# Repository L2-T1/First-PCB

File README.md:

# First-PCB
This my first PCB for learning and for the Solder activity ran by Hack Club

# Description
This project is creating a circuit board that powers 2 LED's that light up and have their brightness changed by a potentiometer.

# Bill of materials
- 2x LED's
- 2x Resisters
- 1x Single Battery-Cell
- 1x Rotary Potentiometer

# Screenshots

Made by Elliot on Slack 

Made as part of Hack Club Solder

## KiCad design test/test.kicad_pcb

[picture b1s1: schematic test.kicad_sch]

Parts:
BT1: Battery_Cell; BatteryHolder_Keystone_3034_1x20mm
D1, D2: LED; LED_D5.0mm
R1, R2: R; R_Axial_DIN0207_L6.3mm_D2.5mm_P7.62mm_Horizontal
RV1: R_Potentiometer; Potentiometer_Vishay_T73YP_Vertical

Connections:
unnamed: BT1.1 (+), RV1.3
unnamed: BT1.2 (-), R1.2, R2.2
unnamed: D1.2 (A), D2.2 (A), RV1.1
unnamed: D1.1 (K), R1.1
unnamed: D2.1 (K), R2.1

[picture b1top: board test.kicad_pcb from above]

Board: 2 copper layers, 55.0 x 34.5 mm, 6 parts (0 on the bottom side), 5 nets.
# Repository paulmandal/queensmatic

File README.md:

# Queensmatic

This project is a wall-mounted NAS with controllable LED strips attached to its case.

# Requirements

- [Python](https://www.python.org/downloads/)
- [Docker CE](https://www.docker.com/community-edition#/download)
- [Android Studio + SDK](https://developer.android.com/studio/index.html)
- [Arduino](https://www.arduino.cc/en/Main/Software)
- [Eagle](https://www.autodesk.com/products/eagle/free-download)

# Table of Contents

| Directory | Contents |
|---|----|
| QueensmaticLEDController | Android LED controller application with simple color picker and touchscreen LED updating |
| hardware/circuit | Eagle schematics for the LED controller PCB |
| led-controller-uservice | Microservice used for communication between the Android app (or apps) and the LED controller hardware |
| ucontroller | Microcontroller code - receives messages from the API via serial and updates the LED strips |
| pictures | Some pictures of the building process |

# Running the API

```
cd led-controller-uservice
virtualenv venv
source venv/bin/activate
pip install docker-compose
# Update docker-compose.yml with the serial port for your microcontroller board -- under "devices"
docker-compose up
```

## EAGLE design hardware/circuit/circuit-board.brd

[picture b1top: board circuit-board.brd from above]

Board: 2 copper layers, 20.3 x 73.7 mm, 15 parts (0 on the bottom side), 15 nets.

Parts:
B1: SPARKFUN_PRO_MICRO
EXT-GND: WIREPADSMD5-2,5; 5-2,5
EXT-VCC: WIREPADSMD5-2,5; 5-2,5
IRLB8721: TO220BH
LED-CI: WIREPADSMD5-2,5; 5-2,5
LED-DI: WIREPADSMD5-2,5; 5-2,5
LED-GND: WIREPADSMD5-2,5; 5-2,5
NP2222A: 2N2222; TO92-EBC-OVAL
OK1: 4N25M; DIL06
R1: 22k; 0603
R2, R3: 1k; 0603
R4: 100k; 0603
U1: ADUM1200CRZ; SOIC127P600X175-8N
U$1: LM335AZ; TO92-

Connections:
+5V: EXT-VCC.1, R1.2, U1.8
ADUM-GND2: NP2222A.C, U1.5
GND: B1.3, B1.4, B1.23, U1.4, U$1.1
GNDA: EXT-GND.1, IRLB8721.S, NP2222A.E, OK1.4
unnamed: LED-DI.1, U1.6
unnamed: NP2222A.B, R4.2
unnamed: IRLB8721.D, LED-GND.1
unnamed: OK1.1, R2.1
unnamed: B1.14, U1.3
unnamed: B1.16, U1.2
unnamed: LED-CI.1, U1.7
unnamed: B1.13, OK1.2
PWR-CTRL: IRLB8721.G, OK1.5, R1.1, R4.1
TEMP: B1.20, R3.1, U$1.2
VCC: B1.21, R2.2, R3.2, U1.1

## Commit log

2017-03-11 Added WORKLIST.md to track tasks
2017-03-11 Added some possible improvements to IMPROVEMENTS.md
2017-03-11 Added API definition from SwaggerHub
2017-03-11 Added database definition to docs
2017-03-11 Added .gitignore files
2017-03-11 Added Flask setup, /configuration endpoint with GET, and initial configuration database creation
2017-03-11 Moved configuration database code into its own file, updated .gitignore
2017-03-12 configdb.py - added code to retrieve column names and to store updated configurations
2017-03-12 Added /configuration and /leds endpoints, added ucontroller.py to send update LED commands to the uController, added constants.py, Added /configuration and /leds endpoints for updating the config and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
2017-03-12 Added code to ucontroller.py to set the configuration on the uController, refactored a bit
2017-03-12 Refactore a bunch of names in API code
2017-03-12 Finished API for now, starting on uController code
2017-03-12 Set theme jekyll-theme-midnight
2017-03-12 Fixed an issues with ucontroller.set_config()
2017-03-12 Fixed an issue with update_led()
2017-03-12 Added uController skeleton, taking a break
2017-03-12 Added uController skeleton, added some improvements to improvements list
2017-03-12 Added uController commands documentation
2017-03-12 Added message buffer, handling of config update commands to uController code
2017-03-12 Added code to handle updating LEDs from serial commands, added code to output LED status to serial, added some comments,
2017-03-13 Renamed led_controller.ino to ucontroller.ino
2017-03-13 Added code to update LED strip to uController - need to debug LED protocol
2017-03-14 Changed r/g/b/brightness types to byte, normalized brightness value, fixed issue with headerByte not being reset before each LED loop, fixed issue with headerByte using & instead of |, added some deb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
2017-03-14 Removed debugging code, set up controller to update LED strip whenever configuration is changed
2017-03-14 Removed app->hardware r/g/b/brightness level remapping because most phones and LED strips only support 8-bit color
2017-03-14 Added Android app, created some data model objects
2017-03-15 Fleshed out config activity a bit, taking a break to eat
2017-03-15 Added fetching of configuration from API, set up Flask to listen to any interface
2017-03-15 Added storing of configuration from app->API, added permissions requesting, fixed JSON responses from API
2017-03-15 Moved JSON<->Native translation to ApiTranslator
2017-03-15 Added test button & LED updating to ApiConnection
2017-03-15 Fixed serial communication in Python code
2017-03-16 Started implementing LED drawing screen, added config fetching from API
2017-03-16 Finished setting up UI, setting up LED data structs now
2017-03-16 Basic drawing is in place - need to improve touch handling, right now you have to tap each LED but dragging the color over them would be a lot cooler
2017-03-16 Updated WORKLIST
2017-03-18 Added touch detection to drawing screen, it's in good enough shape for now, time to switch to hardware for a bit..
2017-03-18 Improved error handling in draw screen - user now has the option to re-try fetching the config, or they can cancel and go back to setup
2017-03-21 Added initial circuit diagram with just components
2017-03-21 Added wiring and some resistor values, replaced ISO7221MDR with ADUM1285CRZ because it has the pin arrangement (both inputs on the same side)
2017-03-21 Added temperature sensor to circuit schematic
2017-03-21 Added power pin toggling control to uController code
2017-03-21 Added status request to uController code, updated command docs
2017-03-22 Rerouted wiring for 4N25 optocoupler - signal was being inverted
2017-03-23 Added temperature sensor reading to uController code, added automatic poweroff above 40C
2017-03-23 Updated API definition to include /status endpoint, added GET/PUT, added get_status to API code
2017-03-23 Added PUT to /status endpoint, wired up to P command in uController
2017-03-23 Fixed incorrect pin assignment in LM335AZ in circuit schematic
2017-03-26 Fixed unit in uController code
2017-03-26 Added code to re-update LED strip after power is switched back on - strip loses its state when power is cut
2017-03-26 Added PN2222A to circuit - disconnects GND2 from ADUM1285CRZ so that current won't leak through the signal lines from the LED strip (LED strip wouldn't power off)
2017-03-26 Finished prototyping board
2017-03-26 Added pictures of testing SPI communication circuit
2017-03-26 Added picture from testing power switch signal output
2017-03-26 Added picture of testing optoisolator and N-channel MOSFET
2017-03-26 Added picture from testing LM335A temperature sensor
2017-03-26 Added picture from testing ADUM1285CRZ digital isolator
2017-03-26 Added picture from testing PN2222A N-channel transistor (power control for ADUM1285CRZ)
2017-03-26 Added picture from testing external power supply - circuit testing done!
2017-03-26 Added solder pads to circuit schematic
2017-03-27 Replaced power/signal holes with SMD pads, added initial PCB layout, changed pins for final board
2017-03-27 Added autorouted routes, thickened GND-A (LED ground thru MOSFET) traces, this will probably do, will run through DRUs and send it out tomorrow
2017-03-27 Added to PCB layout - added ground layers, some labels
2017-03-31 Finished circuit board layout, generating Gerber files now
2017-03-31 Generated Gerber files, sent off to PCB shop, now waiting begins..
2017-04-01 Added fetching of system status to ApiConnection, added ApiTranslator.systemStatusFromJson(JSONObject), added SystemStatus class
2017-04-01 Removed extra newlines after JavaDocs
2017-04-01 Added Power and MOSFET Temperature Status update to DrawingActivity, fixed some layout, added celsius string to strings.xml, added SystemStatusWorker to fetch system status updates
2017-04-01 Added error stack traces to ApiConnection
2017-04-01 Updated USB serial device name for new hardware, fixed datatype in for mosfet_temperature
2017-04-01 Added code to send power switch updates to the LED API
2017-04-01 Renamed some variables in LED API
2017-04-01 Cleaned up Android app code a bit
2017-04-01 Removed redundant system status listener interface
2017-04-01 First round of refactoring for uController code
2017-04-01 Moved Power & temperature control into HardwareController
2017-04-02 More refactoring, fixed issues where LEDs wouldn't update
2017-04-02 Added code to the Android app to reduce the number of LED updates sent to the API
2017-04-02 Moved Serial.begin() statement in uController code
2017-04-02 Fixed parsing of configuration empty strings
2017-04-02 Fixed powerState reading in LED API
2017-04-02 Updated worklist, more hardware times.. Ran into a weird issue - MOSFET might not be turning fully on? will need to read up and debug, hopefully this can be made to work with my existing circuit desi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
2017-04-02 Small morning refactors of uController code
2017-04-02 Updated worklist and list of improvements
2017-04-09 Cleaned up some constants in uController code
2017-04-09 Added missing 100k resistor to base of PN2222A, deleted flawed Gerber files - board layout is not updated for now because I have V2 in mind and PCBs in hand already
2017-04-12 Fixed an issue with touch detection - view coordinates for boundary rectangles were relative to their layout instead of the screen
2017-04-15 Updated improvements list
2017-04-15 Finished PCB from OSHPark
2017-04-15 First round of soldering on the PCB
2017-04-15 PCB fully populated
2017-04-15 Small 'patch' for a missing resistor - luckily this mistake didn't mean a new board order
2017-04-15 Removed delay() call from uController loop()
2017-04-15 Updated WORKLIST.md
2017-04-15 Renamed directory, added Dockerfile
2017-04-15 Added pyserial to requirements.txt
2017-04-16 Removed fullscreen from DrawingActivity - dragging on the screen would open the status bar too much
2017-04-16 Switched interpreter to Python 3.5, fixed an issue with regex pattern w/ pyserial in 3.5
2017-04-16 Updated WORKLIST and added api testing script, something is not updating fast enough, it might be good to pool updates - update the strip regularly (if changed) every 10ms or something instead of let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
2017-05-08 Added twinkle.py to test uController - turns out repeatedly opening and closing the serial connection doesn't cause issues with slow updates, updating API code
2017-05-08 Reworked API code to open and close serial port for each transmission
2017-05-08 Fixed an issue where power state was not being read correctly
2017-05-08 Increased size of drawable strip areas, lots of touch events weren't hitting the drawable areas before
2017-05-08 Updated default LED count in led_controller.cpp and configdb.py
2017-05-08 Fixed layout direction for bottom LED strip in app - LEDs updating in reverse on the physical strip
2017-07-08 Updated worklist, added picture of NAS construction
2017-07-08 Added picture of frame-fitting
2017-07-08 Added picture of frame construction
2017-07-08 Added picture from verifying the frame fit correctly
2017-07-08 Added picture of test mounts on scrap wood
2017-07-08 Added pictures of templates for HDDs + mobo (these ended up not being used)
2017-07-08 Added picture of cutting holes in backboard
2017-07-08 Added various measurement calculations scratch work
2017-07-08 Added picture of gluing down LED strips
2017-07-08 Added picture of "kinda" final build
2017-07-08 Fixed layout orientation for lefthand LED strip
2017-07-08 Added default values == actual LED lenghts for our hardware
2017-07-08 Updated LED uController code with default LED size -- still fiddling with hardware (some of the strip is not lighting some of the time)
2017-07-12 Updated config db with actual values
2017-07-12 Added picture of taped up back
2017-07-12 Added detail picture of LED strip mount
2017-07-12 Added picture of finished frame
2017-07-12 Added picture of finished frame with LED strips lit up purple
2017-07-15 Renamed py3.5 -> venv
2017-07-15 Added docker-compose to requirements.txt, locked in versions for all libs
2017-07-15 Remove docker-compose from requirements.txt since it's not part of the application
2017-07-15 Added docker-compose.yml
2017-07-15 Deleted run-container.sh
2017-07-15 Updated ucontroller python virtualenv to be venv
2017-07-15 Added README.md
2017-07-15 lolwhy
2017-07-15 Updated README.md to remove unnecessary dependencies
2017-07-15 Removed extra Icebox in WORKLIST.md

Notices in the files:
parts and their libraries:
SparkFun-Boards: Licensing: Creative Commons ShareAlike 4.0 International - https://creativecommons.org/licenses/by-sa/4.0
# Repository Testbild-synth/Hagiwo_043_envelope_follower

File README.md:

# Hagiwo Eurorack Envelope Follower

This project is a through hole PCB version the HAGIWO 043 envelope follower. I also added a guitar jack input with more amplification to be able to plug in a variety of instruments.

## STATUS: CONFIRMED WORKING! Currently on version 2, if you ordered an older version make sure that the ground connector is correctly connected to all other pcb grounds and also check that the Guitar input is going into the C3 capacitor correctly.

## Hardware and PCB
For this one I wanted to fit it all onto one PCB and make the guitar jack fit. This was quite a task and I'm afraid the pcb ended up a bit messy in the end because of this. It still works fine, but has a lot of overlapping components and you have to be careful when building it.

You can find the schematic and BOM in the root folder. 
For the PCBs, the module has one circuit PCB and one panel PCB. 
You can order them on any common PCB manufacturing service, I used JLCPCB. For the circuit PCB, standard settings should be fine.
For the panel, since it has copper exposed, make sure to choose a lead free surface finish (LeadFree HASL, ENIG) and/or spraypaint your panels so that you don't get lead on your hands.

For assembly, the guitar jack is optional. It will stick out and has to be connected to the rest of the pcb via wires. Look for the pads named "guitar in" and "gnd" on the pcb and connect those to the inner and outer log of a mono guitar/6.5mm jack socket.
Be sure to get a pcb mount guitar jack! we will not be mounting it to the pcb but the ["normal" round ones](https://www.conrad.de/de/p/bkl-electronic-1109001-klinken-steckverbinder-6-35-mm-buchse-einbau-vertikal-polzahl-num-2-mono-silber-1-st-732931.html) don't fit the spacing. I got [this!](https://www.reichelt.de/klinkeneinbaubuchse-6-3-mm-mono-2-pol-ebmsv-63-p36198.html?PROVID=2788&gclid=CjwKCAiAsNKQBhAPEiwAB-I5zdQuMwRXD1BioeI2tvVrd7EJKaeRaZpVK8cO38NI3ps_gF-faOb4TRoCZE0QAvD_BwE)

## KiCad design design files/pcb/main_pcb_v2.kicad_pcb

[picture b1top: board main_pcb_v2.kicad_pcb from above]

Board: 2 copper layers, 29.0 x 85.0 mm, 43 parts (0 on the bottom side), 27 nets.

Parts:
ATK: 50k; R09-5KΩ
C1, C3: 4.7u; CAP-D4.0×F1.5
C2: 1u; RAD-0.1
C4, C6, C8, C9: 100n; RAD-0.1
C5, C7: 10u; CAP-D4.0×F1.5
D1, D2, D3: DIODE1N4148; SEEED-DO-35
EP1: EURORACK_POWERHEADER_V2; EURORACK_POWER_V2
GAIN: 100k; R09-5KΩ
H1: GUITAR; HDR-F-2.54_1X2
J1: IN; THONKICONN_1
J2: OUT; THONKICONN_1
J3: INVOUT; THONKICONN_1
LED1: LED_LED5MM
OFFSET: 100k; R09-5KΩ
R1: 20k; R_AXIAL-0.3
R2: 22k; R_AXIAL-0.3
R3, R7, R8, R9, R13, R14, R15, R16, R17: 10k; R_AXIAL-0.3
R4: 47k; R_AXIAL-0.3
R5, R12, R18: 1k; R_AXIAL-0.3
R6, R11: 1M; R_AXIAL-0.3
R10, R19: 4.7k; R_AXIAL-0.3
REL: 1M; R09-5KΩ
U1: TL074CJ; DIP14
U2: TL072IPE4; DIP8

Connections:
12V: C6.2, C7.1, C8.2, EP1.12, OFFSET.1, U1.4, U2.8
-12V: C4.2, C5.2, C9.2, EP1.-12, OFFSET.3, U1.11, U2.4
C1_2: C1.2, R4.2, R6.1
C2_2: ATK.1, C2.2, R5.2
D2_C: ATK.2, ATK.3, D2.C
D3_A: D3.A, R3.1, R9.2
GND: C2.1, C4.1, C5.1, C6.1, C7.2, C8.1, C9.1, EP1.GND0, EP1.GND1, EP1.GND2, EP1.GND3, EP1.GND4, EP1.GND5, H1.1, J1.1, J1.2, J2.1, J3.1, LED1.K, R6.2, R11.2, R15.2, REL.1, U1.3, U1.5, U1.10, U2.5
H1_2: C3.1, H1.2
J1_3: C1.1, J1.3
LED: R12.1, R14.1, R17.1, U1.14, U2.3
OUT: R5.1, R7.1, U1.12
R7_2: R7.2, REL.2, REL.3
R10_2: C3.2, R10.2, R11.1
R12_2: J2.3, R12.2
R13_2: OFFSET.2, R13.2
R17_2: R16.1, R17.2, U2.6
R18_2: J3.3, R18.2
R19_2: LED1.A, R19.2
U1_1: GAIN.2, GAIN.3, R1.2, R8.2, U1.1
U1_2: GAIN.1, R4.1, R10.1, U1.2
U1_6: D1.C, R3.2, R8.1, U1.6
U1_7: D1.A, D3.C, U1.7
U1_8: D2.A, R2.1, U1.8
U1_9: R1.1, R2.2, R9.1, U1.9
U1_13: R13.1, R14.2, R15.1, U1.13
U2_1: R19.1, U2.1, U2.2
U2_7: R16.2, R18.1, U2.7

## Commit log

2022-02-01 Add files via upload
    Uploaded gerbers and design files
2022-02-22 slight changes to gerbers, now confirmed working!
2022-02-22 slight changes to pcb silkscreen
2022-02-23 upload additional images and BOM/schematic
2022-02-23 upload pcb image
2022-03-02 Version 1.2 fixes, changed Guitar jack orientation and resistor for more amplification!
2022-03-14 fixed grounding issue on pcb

=====

Your goal
Your task is to gather all lines from the entries above that hold the word "detection".

Task solution
2017-03-18 Added touch detection to drawing screen, it's in good enough shape for now, time to switch to hardware for a bit..
2017-04-12 Fixed an issue with touch detection - view coordinates for boundary rectangles were relative to their layout instead of the screen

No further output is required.